#### Work to complete
Gather every line below where "Energy" appears.

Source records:
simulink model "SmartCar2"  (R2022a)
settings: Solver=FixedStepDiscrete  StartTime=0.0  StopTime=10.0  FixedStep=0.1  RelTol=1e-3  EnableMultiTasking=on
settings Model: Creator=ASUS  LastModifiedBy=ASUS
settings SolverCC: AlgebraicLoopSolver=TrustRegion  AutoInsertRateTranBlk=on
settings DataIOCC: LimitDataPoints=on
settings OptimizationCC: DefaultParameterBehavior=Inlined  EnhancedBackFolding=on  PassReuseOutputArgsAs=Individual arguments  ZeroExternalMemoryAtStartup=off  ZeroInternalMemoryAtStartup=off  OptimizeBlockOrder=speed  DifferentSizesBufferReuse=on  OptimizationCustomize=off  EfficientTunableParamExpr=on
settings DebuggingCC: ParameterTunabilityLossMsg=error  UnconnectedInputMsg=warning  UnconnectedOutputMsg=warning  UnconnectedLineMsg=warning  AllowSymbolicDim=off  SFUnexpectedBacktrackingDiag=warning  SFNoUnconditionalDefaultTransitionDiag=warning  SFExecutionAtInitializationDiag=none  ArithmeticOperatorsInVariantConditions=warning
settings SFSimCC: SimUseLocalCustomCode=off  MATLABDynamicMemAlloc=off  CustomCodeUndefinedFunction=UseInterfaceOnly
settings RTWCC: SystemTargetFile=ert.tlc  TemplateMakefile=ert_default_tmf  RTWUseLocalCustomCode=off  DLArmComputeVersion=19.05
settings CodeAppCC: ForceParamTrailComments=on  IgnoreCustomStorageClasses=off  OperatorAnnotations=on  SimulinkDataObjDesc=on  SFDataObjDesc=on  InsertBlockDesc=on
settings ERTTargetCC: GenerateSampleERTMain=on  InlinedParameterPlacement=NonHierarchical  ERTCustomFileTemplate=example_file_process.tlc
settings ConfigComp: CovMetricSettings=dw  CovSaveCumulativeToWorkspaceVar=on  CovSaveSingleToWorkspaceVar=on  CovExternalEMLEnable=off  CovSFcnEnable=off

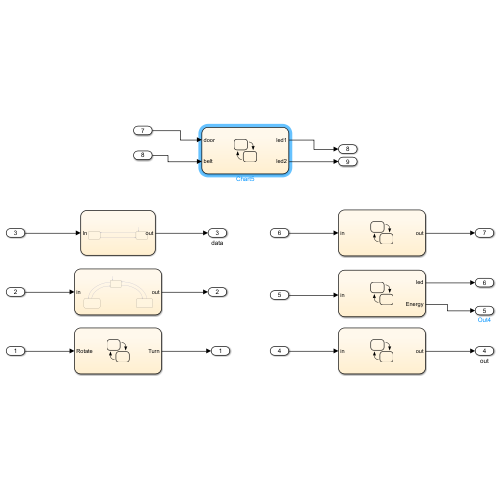
[thumbnail: Simulink's stored preview of the top-level diagram]
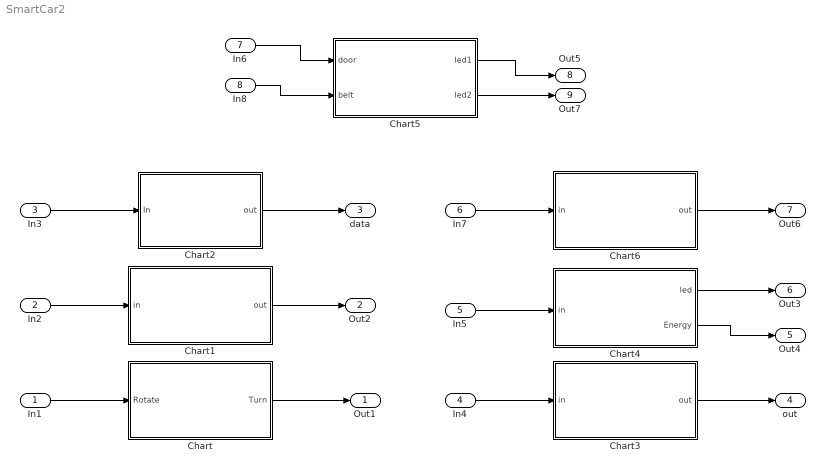
== system SmartCar2 ==
  In1 : Inport
  In2 : Inport  Port=2
  In3 : Inport  Port=3
  In4 : Inport  Port=4
  In5 : Inport  Port=5
  In7 : Inport  Port=6
  In6 : Inport  Port=7
  In8 : Inport  Port=8
  Chart : Stateflow chart  TreatAsAtomicUnit=on
  Chart1 : Stateflow chart  TreatAsAtomicUnit=on
  Chart2 : Stateflow chart  TreatAsAtomicUnit=on
  Chart3 : Stateflow chart  TreatAsAtomicUnit=on
  Chart4 : Stateflow chart  TreatAsAtomicUnit=on
  Chart5 : Stateflow chart  TreatAsAtomicUnit=on
  Chart6 : Stateflow chart  TreatAsAtomicUnit=on
  Out1 : Outport
  Out2 : Outport  Port=2
  data : Outport  Port=3
  out : Outport  Port=4
  Out4 : Outport  Port=5
  Out3 : Outport  Port=6
  Out6 : Outport  Port=7
  Out5 : Outport  Port=8
  Out7 : Outport  Port=9
  wires:
  In1/1 -> Chart/1(Rotate)
  Chart/1(Turn) -> Out1/1
  In2/1 -> Chart1/1(in)
  Chart1/1(out) -> Out2/1
  In3/1 -> Chart2/1(In)
  Chart2/1(out) -> data/1
  In4/1 -> Chart3/1(in)
  In5/1 -> Chart4/1(in)
  Chart4/2(Energy) -> Out4/1
  Chart3/1(out) -> out/1
  Chart4/1(led) -> Out3/1
  Chart6/1(out) -> Out6/1
  In7/1 -> Chart6/1(in)
  Chart5/2(led2) -> Out7/1
  Chart5/1(led1) -> Out5/1
  In8/1 -> Chart5/2(belt)
  In6/1 -> Chart5/1(door)

== stateflow chart SmartCar2/Chart4 ==
  state S1
  state S2
  state S3
  state S4
  (default) -> S1
  S1 -> S2 : [in<5]{Energy = 75 , led = 1}
  S2 -> S3 : [in<2.5]{Energy = 25 , led = 2}
  S3 -> S4 : [in==0]{Energy = 0 , led = 3}
  data: led output; Energy output; in input

== stateflow chart SmartCar2/Chart5 ==
  state S2
  state S1
  state S4
  state S3
  (default) -> S1
  S2 -> S1 [order 2] : [door == 1]{led1 = 1}
  S4 -> S2 [order 2] : [belt == 0]{led2 = 0}
  S2 -> S4 [order 1] : [belt == 0]{led2 = 0}
  S3 -> S1 [order 1] : [belt == 0]{led2 = 0}
  S1 -> S3 : [belt == 1]{led2 = 1}
  S3 -> S4 [order 2] : [door == 0]{led1 = 0}
  S4 -> S3 [order 1] : [door == 1]{led1 = 1}
  data: led1 output; door input; belt input; led2 output

== stateflow chart SmartCar2/Chart6 ==
  state S1
  state S2
  (default) -> S1
  S1 -> S2 : [in == 0]{out = 1}
  S2 -> S1 : [in > 0]{out = 0}
  data: out output; in input

== stateflow chart SmartCar2/Chart1 ==
  state S1
  state S3
  state S2
  (default) -> S1
  S2 -> S1 : [in == 0]{out = 0}
  S1 -> S3 [order 1] : [in < 0]{out = -1}
  S1 -> S2 [order 2] : [in > 0]{out = 1}
  S3 -> S1 : [in == 0]{out = 0}
  data: in input; out output

== stateflow chart SmartCar2/Chart2 ==
  state S2
  state S1
  (default) -> S1
  S1 -> S2 : [In == 1]{out = 1}
  S2 -> S1 : [In == 0]{out = 0}
  data: In input; out output

== stateflow chart SmartCar2/Chart ==
  state S2
  state S1
  state S4
  state S3
  (default) -> S1
  S2 -> S1 [order 2] : [Rotate == 0]{Turn = 0}
  S1 -> S2 [order 2] : [Rotate == 1]{Turn = 90}
  S4 -> S2 [order 2] : [Rotate == 0]{Turn = 90}
  S2 -> S4 [order 1] : [Rotate == 1]{Turn = 180}
  S3 -> S1 [order 1] : [Rotate == 1]{Turn = 0}
  S1 -> S3 [order 1] : [Rotate == 0]{Turn = -90}
  S3 -> S4 [order 2] : [Rotate == 0]{Turn = 180}
  S4 -> S3 [order 1] : [Rotate == 1]{Turn = -90}
  data: Turn output; Rotate input

== stateflow chart SmartCar2/Chart3 ==
  state S1
  state S2
  state S3
  state S4
  state S5
  S1 -> S2 [order 2] : [in < 50]{out = 0.25}
  (default) -> S1
  S2 -> S3 : [in<20]{out = 0.5}
  S3 -> S4 [order 2] : [in < 10]{out = 0.75}
  S4 -> S5 [order 2] : [in < 5]{out = 1}
  S4 -> S1 [order 1] : [in > 50]{out = 0}
  S3 -> S1 [order 1] : [in > 50]{out = 0}
  S1 -> S2 [order 1] : [in > 50]{out = 0}
  S5 -> S1 : [in > 50]{out = 0}
  data: in input; out output

#### Reply to the exercise
  Chart4/2(Energy) -> Out4/1
  S1 -> S2 : [in<5]{Energy = 75 , led = 1}
  S2 -> S3 : [in<2.5]{Energy = 25 , led = 2}
  S3 -> S4 : [in==0]{Energy = 0 , led = 3}
  data: led output; Energy output; in input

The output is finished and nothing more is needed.